Despite the focus on those markets where Spain has historical and cultural ties, some Spanish sponsors are active beyond South America.

At the of November this year Dragados won the bid for a concession to build and operate a $350 million road between the South African capital Pretoria and neighbouring Botswana. Societe Generale is the financial adviser to Dragados.

And following its involvement in the $200 million Carmel tunnel project, the first done on a limited-recourse basis in Israel, Dragados also bid but lost the tender for the development of the Cross-Israel Highway project (see Project Finance, November 1999).

Like the majority of Spanish sponsors, the Portuguese are heavily focused on historically linked markets and are keeping tabs on Brazil, Mozambique and Angola.

Joao Vasconcelos Guimaraes, president of Somague in Lisbon says: "The company is focusing on opportunities in Portuguese-speaking countries where our knowledge of the local business environment is superior to everyone else's."

Over the last two years Somague has sponsored a $400 million rail project between South Africa and Mozambique. Portugal's Caixa Geral de Depositos and Caixa Investimento were the lead arrangers for the financing of the transaction. In Brazil, Somagues is also carrying out a traffic study for a 474km-long road concession around the southern city of Sao Paolo.

Former state-owned Electricidade de Portugal (EDP) is similarly looking at opportunities abroad ? most recently the $1 billion Lajeado hydro-power plant in Brazil. Together with a local consortium led by Empresa de Electricidade Vale Paranapenema, EDP won a 35-year concession to build and operate a 900MW plant that will be operational by 2002. EDP holds a 27.6% stake in the venture.

EDP is also active in taking over ownership interests in newly privatized power, electric and water utilities across Latin America. In 1998 EDP - in a consortium with Teco Power and Spain's Iberdrola Ð won an 80% stake worth an estimated $520 million in Guatemala's Empresa Electrica de Guatemala.
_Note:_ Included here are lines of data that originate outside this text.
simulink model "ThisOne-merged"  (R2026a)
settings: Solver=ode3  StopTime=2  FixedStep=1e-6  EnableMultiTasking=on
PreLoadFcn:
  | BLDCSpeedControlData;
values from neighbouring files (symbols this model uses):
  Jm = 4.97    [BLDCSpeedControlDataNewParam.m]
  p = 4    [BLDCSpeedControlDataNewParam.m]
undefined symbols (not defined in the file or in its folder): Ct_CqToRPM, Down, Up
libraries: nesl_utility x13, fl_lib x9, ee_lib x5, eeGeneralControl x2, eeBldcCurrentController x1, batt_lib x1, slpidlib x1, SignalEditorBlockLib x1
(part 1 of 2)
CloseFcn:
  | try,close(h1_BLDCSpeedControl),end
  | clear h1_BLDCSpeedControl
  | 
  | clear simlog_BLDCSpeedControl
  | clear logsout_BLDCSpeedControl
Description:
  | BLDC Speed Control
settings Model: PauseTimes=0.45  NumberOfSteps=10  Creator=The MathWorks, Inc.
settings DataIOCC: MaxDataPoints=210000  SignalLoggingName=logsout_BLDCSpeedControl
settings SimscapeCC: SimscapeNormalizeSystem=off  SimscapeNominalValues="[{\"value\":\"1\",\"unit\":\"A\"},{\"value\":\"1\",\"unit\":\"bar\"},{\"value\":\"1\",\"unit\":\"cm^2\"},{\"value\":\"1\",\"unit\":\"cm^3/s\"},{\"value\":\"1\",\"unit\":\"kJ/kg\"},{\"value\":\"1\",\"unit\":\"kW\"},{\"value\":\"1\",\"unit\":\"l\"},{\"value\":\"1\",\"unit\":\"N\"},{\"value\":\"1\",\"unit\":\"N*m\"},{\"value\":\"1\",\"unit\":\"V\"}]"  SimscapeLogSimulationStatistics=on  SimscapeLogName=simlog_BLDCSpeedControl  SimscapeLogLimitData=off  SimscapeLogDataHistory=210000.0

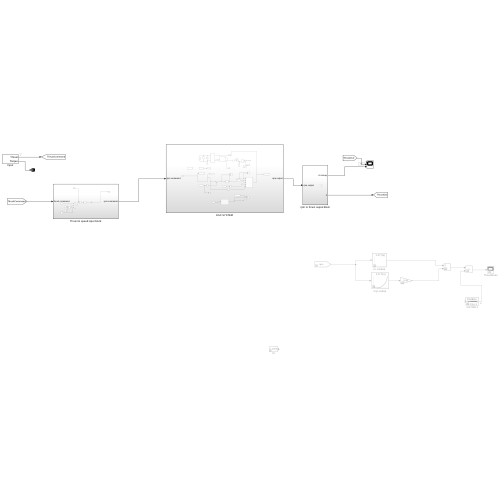
[thumbnail: Simulink's stored preview of the top-level diagram]
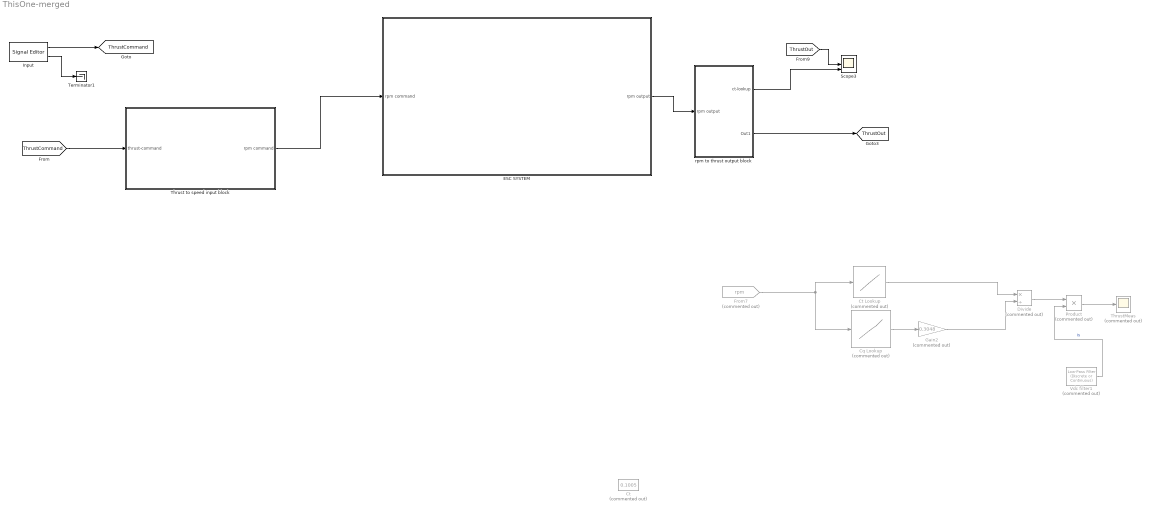
== system ThisOne-merged ==
  Cq Lookup : Lookup_n-D  Commented=on  NumberOfTableDimensions=1  BreakpointsForDimension1=Ct_CqToRPM.RPM  Table=Ct_CqToRPM.Cq  InternalRulePriority=Speed  RndMeth=Simplest
  Ct : Constant  Commented=on  Value=0.1005
  Ct Lookup : Lookup_n-D  Commented=on  NumberOfTableDimensions=1  BreakpointsForDimension1=Ct_CqToRPM.RPM  Table=Ct_CqToRPM.Ct  InternalRulePriority=Speed  RndMeth=Simplest
  Divide : Product  Commented=on  Inputs=*/
  ESC SYSTEM : Subsystem
  From7 : From  Commented=on  GotoTag=rpm  TagVisibility=global
  Gain2 : Gain  Commented=on  Gain=0.3048
  Input : SignalEditorBlockLib/Signal Editor  FileName=BLDCSpeedControlInput.mat  ActiveScenario=Test_1  ActiveSignal=Torque  IsBus=off  OutputBusObjectStr=Bus: BusObject  SampleTime=0  OutputAfterFinalValue=Extrapolation  Unit=inherit  PreserveSignalName=on  ApplySigPropsToAllScenarios=on  ApplySigPropsToAllSignals=off  SignalPropertySource=Dialog parameters
  Product : Product  Commented=on
  Scope3 : Scope  NumInputPorts=3
      settings: ActiveDisplayYMinimum=6.4992210204296432  ActiveDisplayYMaximum=7.577007831129519  DataLoggingVariableName=ScopeData11
  Terminator1 : Terminator
  Thrust to speed input block : Subsystem
  ThrustMeas : Scope  Commented=on
      settings: ActiveDisplayYMinimum=-0.61696410930468792  ActiveDisplayYMaximum=-0.5584126706390744  DataLoggingVariableName=ScopeData2
  Vdc filter1 : eeGeneralControl/Low-Pass Filter (Discrete or Continuous)  Commented=on  K=1  T=0.01  B=inf  A=-inf  init_option=Inherited from block input  x0=0  Ts=-1
  rpm to thrust output block : Subsystem
  tag scope: ThrustCommand=global, ThrustOut=global
  wires:
  Input/2 -> Terminator1/1
  Divide/1 -> Product/1
  Product/1 -> ThrustMeas/1
  Vdc filter1/1 -> Product/2  "is"
  From7/1 -> Cq Lookup/1, Ct Lookup/1
  Ct Lookup/1 -> Divide/1
  Gain2/1 -> Divide/2
  Cq Lookup/1 -> Gain2/1
  [ThrustOut] -> Scope3/2
  Thrust to speed input block/1(rpm command) -> ESC SYSTEM/1(rpm command)
  rpm to thrust output block/1(ct-lookup) -> Scope3/3
  rpm to thrust output block/2(Out1) -> [ThrustOut]
  Input/1 -> [ThrustCommand]
  [ThrustCommand] -> Thrust to speed input block/1(thrust-command)
  ESC SYSTEM/1(rpm output) -> rpm to thrust output block/1(rpm output)

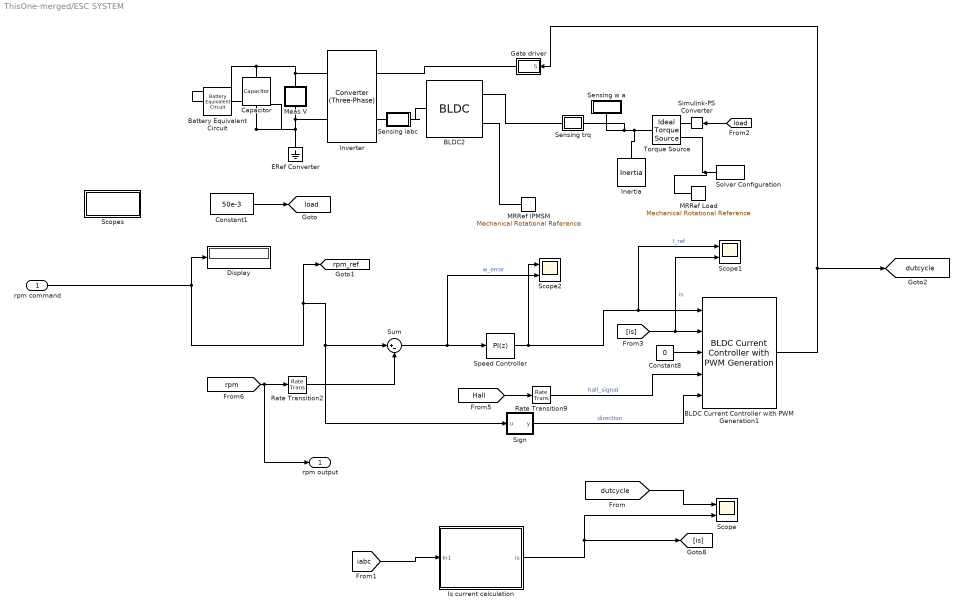
== system ThisOne-merged/ESC SYSTEM ==
  rpm command : Inport
  BLDC Current Controller with PWM Generation1 : eeBldcCurrentController/BLDC Current Controller with PWM Generation  Kp=0.5  Ki=10  Kaw=20  Ts=-1  Tsd=0.001  ActZC=off  CarrCount=Up-Down  Tper=1e-4  Tfundamental=Ts
      settings: LibrarySourceBlock=|
      | ee_sl_lib/BLDC Control/BLDC Current Controller
      | with PWM Generation
  BLDC2 : ee_lib/Electromechanical/Permanent Magnet/BLDC  port_option=ee.enum.threePhasePort.composite  rotor_param=ee.enum.pmsm.backemf.trapezoidflux  pm_flux_linkage=psim Wb  theta_constant=pi/(2*p) deg  emf_max=9.6 % Parameter not set V  w_meas=600 % Parameter not set rpm  DphiDtheta_tab=[0, -.1528, -.1528, .1528, .1528, 0] % Parameter not set Wb/rad  back_emf_tab=[0, -9.6, -9.6, 9.6, 9.6, 0] % Parameter not set V  rotor_angle_tab=[0, 7.5, 22.5, 37.5, 52.5, 60] % Parameter not set deg  nPolePairs=p  axes_param=ee.enum.rotorangle.qaxis  winding_type=ee.enum.electromech.statorconfiguration.wye  stator_param=ee.enum.statorparam.LdLqL0  machine_param=ee.enum.dqparameterization.constant  Ld=Ls H  Lq=Ls H  idVec=[-200, 0, 200] % Parameter not set A  iqVec=[-200, 0, 200] % Parameter not set A  LdMatrix=0.00022 * ones(3, 3) % Parameter not set H  LqMatrix=0.00022 * ones(3, 3) % Parameter not set H  L0=1.44 % Assumed inductance value mH  Ls=0.0002 % Parameter not set H  Lm=0 % Parameter not set H  Ms=0.00002 % Parameter not set H  Rs=Rs Ohm  zero_sequence=ee.enum.park.zerosequence.exclude  loss_param=ee.enum.ironloss.none  losses_oc=[0, 0, 0] % Parameter not set W  losses_sc=[0, 0, 0] % Parameter not set W  f_losses=60 % Parameter not set Hz  Isc_losses=95 % Parameter not set A  J=Jm cm^2*g  lam=Viscousfriction N*m*s/rad  i_d_specify=off  i_d_priority=None  i_d=0 A  i_d_nominal_specify=off  i_d_nominal_value=1  i_d_nominal_unit=A  i_q_specify=on  i_q_priority=None  i_q=0 A  i_q_nominal_specify=off  i_q_nominal_value=1  i_q_nominal_unit=A  torque_specify=on  torque_priority=None  torque=0 N*m  torque_nominal_specify=off  torque_nominal_value=1  torque_nominal_unit=N*m  angular_velocity_specify=off  angular_velocity_priority=High  angular_velocity=0 rpm  angular_velocity_nominal_specify=off  angular_velocity_nominal_value=1  angular_velocity_nominal_unit=rpm  angular_position_specify=off  angular_position_priority=High  angular_position=0 deg  angular_position_nominal_specify=off  angular_position_nominal_value=1  angular_position_nominal_unit=deg  alpha=3.93e-3 % Parameter not set 1/K  alpha_flux=-0.001 % Parameter not set 1/K  Tmeas=298.15 % Parameter not set K  stator_thermal_mass=100 % Parameter not set J/K  rotor_thermal_mass=200 % Parameter not set J/K  Rm_percent_rotor=90 % Parameter not set  Rd_percent_rotor=30 % Parameter not set  temperatureA_specify=off  temperatureA_priority=High  temperatureA=25 degC  temperatureA_nominal_specify=off  temperatureA_nominal_value=1  temperatureA_nominal_unit=degC  temperatureB_specify=off  temperatureB_priority=High  temperatureB=25 degC  temperatureB_nominal_specify=off  temperatureB_nominal_value=1  temperatureB_nominal_unit=degC  temperatureC_specify=off  temperatureC_priority=High  temperatureC=25 degC  temperatureC_nominal_specify=off  temperatureC_nominal_value=1  temperatureC_nominal_unit=degC  temperatureR_specify=off  temperatureR_priority=High  temperatureR=25 degC  temperatureR_nominal_specify=off  temperatureR_nominal_value=1  temperatureR_nominal_unit=degC
  Battery Equivalent Circuit : batt_lib/Cells/Battery Equivalent Circuit  PartSpecification="{\"CollectionId\":\"MW.SimscapeBattery\",\"CollectionVersion\":\"1.0.0\",\"DatasetId\":\"Molicel|INR_21700_P45B|simscape.battery.batteryEquivalentCircuit\",\"DisplayName\":\"Molicel:INR_21700_P45B\"}"  BatteryCapacity="4.493  hr*A"  ThermalModel=simscape.battery.enum.cells.BatteryThermalModel.ConstantTemperature  ExtrapolationMethod=simscape.enum.extrapolation.linear  SOCBreakpoints=[0 0.01 0.02 0.03 0.04 0.05 0.06 0.07 0.08 0.09 0.1 0.11 0.12 0.13 0.14 0.15 0.16 0.17 0.18 0.19 0.2 0.21 0.22 0.23 0.24 0.25 0.26 0.27 0.28 0.29 0.3 0.31 0.32 0.33 0.34 0.35 0.36 0.37 0.38 0.39 0.4 0.41 0.42 0.43 0.44 0.45 0.46 0.47 0.48 0.49 0.5 0.51 0.52 0.53 0.54 0.55 0.56 0.57 0.58 0.59 0.6 0.61 0.62 0.63 0.64 0.65 0.66 0.67 0.68 0.69 0.7 0.71 0.72 0.73 0.74 0.75 0.76 0.77 0.78 0.79 0.8 0.81 0.82 0.83 0.84 0.85 0.86 0.87 0.88 0.89 0.9 0.91 0.92 0.93 0.94 0.95 0.96 0.97 0.98 0.99 1] % Datasheet derived  TemperatureBreakpoints=[-40 -30 -20 0 23 45 60] % Datasheet derived degC  OpenCircuitVoltage=[3.17242 3.18272 3.19302 3.20331 3.21361 3.22391 3.23421 3.24451 3.25481 3.2651 3.2754 3.2857 3.296 3.3063 3.31659 3.32689 3.33719 3.34749 3.35779 3.36809 3.37838 3.38868 3.39898 3.40928 3.41958 3.42988 3.44017 3.45047 3.46077 3.47107 3.48137 3.49166 3.50196 3.51226 3.52256 3.53286 3.54316 3.55345 3.56375 3.57405 3.58435 3.59465 3.60495 3.61524 3.62554 3.63584 3.64614 3.65644 3.66673 3.67703 3.68733 3.69763 3.71041 3.72113 3.72997 3.73882 3.74912 3.75936 3.76951 3.7791 3.78865 3.79787 3.80709 3.8161 3.82509 3.83409 3.84308 3.85207 3.86107 3.87006 3.87901 3.88831 3.89824 3.90887 3.91951 3.93012 3.94073 3.95138 3.96184 3.97226 3.98268 3.99311 4.0032 4.01221 4.01944 4.02668 4.03286 4.03874 4.04383 4.0488 4.05377 4.05873 4.06312 4.06753 4.07333 4.08117 4.08904 4.09911 4.11111 4.13802 4.16831] % Datasheet derived V  OpenCircuitVoltageThermal="[3.17242 3.17242 3.17242 3.17242 3.17242 3.17242 3.17242;3.18272 3.18272 3.18272 3.18272 3.18272 3.18272 3.18272;3.19302 3.19302 3.19302 3.19302 3.19302 3.19302 3.19302;3.20331 3.20331 3.20331 3.20331 3.20331 3.20331 3.20331;3.21361 3.21361 3.21361 3.21361 3.21361 3.21361 3.21361;3.22391 3.22391 3.22391 3.22391 3.22391 3.22391 3.22391;3.23421 3.23421 3.23421 3.23421 3.23421 3.23421 3.23421;3.24451 3.24451 3.24451 3.24451 3.24451 3.24451 3.24451;3.25481 3.25481 3.25481 3.25481 3.25481 3.25481 3.25481;3.2651 3.2651 3.2651 3.2651 3.2651 3.2651 3.2651;3.2754 3.2754 3.2754 3.2754 3.2754 3.2754 3.2754;3.2857 3.2857 3.2857 3.2857 3.2857 3.2857 3.2857;3.296 3.296 3.296 3.296 3.296 3.296 3.296;3.3063 3.3063 3.3063 3.3063 3.3063 3.3063 3.3063;3.31659 3.31659 3.31659 3.31659 3.31659 3.31659 3.31659;3.32689 3.32689 3.32689 3.32689 3.32689 3.32689 3.32689;3.33719 3.33719 3.33719 3.33719 3.33719 3.33719 3.33719;3.34749 3.34749 3.34749 3.34749 3.34749 3.34749 3.34749;3.35779 3.35779 3.35779 3.35779 3.35779 3.35779 3.35779;3.36809 3.36809 3.36809 3.36809 3.36809 3.36809 3.36809;3.37838 3.37838 3.37838 3.37838 3.37838 3.37838 3.37838;3.38868 3.38868 3.38868 3.38868 3.38868 3.38868 3.38868;3.39898 3.39898 3.39898 3.39898 3.39898 3.39898 3.39898;3.40928 3.40928 3.40928 3.40928 3.40928 3.40928 3.40928;3.41958 3.41958 3.41958 3.41958 3.41958 3.41958 3.41958;3.42988 3.42988 3.42988 3.42988 3.42988 3.42988 3.42988;3.44017 3.44017 3.44017 3.44017 3.44017 3.44017 3.44017;3.45047 3.45047 3.45047 3.45047 3.45047 3.45047 3.45047;3.46077 3.46077 3.46077 3.46077 3.46077 3.46077 3.46077;3.47107 3.47107 3.47107 3.47107 3.47107 3.47107 3.47107;3.48137 3.48137 3.48137 3.48137 3.48137 3.48137 3.48137;3.49166 3.49166 3.49166 3.49166 3.49166 3.49166 3.49166;3.50196 3.50196 3.50196 3.50196 3.50196 3.50196 3.50196;3.51226 3.51226 3.51226 3.51226 3.51226 3.51226 3.51226;3.52256 3.52256 3.52256 3.52256 3.52256 3.52256 3.52256;3.53286 3.53286 3.53286 3.53286 3.53286 3.53286 3.53286;3.54316 3.54316 3.54316 3.54316 3.54316 3.54316 3.54316;3.55345 3.55345 3.55345 3.55345 3.55345 3.55345 3.55345;3.56375 3.56375 3.56375 3.56375 3.56375 3.56375 3.56375;3.57405 3.57405 3.57405 3.57405 3.57405 3.57405 3.57405;3.58435 3.58435 3.58435 3.58435 3.58435 3.58435 3.58435;3.59465 3.59465 3.59465 3.59465 3.59465 3.59465 3.59465;3.60495 3.60495 3.60495 3.60495 3.60495 3.60495 3.60495;3.61524 3.61524 3.61524 3.61524 3.61524 3.61524 3.61524;3.62554 3.62554 3.62554 3.62554 3.62554 3.62554 3.62554;3.63584 3.63584 3.63584 3.63584 3.63584 3.63584 3.63584;3.64614 3.64614 3.64614 3.64614 3.64614 3.64614 3.64614;3.65644 3.65644 3.65644 3.65644 3.65644 3.65644 3.65644;3.66673 3.66673 3.66673 3.66673 3.66673 3.66673 3.66673;3.67703 3.67703 3.67703 3.67703 3.67703 3.67703 3.67703;3.68733 3.68733 3.68733 3.68733 3.68733 3.68733 3.68733;3.69763 3.69763 3.69763 3.69763 3.69763 3.69763 3.69763;3.71041 3.71041 3.71041 3.71041 3.71041 3.71041 3.71041;3.72113 3.72113 3.72113 3.72113 3.72113 3.72113 3.72113;3.72997 3.72997 3.72997 3.72997 3.72997 3.72997 3.72997;3.73882 3.73882 3.73882 3.73882 3.73882 3.73882 3.73882;3.74912 3.74912 3.74912 3.74912 3.74912 3.74912 3.74912;3.75936 3.75936 3.75936 3.75936 3.75936 3.75936 3.75936;3.76951 3.76951 3.76951 3.76951 3.76951 3.76951 3.76951;3.7791 3.7791 3.7791 3.7791 3.7791 3.7791 3.7791;3.78865 3.78865 3.78865 3.78865 3.78865 3.78865 3.78865;3.79787 3.79787 3.79787 3.79787 3.79787 3.79787 3.79787;3.80709 3.80709 3.80709 3.80709 3.80709 3.80709 3.80709;3.8161 3.8161 3.8161 3.8161 3.8161 3.8161 3.8161;3.82509 3.82509 3.82509 3.82509 3.82509 3.82509 3.82509;3.83409 3.83409 3.83409 3.83409 3.83409 3.83409 3.83409;3.84308 3.84308 3.84308 3.84308 3.84308 3.84308 3.84308;3.85207 3.85207 3.85207 3.85207 3.85207 3.85207 3.85207;3.86107 3.86107 3.86107 3.86107 3.86107 3.86107 3.86107;3.87006 3.87006 3.87006 3.87006 3.87006 3.87006 3.87006;3.87901 3.87901 3.87901 3.87901 3.87901 3.87901 3.87901;3.88831 3.88831 3.88831 3.88831 3.88831 3.88831 3.88831;3.89824 3.89824 ...(+1594 chars)] *12  V"  VoltageRange=[3.4 Inf] *12 V  HysteresisModel=simscape.battery.enum.cells.HysteresisModel.none  MaximumHysteresisVoltage=[0, 0, 0, 0, 0, 0, 0] % Parameter not set V  InstantaneousHysteresisVoltage=[0, 0, 0, 0, 0, 0, 0] % Parameter not set V  HysteresisRate=0.1 % Parameter not set  MaximumHysteresisVoltageThermal=[0, 0, 0; 0, 0, 0; 0, 0, 0; 0, 0, 0; 0, 0, 0; 0, 0, 0; 0, 0, 0] % Parameter not set V  InstantaneousHysteresisVoltageThermal=[0, 0, 0; 0, 0, 0; 0, 0, 0; 0, 0, 0; 0, 0, 0; 0, 0, 0; 0, 0, 0] % Parameter not set V  HysteresisRateThermal=0.1 % Parameter not set  ResistanceSOCBreakpoints=[0 0.01 0.02 0.03 0.04 0.05 0.06 0.07 0.08 0.09 0.1 0.11 0.12 0.13 0.14 0.15 0.16 0.17 0.18 0.19 0.2 0.21 0.22 0.23 0.24 0.25 0.26 0.27 0.28 0.29 0.3 0.31 0.32 0.33 0.34 0.35 0.36 0.37 0.38 0.39 0.4 0.41 0.42 0.43 0.44 0.45 0.46 0.47 0.48 0.49 0.5 0.51 0.52 0.53 0.54 0.55 0.56 0.57 0.58 0.59 0.6 0.61 0.62 0.63 0.64 0.65 0.66 0.67 0.68 0.69 0.7 0.71 0.72 0.73 0.74 0.75 0.76 0.77 0.78 0.79 0.8 0.81 0.82 0.83 0.84 0.85 0.86 0.87 0.88 0.89 0.9 0.91 0.92 0.93 0.94 0.95 0.96 0.97 0.98 0.99 1] % Datasheet derived  ResistanceTemperatureBreakpoints="[-40 -30 -20 0 23 45 60]  degC"  ResistanceCurrentBreakpoints=[-1, 0, 1] % Parameter not set A  CurrentDependence=simscape.battery.enum.cells.CurrentDependence.Disabled  R0=[0.02095 0.01921 0.01774 0.0166 0.01557 0.01469 0.01398 0.01338 0.01283 0.01239 0.01196 0.01155 0.01116 0.01079 0.01042 0.01007 0.00974 0.00949 0.00924 0.009 0.00876 0.00855 0.00843 0.00832 0.00826 0.00825 0.00825 0.00826 0.00827 0.00828 0.0083 0.00834 0.00838 0.00842 0.00848 0.00855 0.00863 0.00871 0.00879 0.00887 0.00895 0.00903 0.00911 0.00918 0.00925 0.00931 0.00938 0.00946 0.00953 0.00961 0.00968 0.00976 0.00991 0.01 0.01003 0.01006 0.01013 0.01022 0.0103 0.01037 0.01043 0.01049 0.01055 0.01061 0.01066 0.01072 0.01077 0.01082 0.01088 0.01093 0.01099 0.01105 0.01114 0.01125 0.01136 0.01148 0.01161 0.01175 0.01188 0.01202 0.01215 0.01228 0.01241 0.01253 0.01261 0.01269 0.01275 0.0128 0.01285 0.01289 0.01294 0.01298 0.01296 0.01292 0.01292 0.01288 0.01282 0.0128 0.01232 0.01214 0.00952] % Datasheet derived Ohm  R0I=[.0117, .0085, .009; .011, .0085, .009; .0114, .0087, .0092; .0107, .0082, .0088; .0107, .0083, .0091; .0113, .0085, .0089; .0116, .0085, .0089] % Parameter not set Ohm  R0Thermal=[0.3026 0.35142 0.34349 0.24415 0.02095 0.15874 0.14729;0.2941 0.33555 0.32379 0.22614 0.01921 0.13363 0.12249;0.28559 0.31969 0.30408 0.20813 0.01774 0.10853 0.10276;0.27709 0.30382 0.28438 0.19012 0.0166 0.09423 0.0861;0.26858 0.28796 0.26468 0.17211 0.01557 0.07998 0.0748;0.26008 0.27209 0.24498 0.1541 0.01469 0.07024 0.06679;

At the end of November this year EDP and UK's Thames Valley won the bid for a 45% $112 million stake in Chile's Empresa de Servicios Sanitarios de El Liberador in charge of a local water treatment plant.

While Spanish and Portuguese sponsors compete for deals across Latin America and Southern Africa, there are interesting exceptions to the rule - particularly in North African countries such as Morocco and Algeria, the latter being the main supplier of gas to the Iberian peninsula.

Spain and Portugal are coming together for the development of the $1 billion Medi Telecom project in Morocco. In July this year Spain's Telefonica Internacional and Portugal Telecom won the bid against six other bidders for a 15-year concession to develop and operate Morocco's second GSM network.

Teaming up with local Afriquia and Banque Marocaine du Commerce Exteriour, the international consortium awarded Sweden's Ericsson a $109 million engineering procurement and construction contract. Financing came in August this year in the form of a $350 million 1-year bridge loan lead arranged by Spain's Argentaria, ABN Amro and Barclays.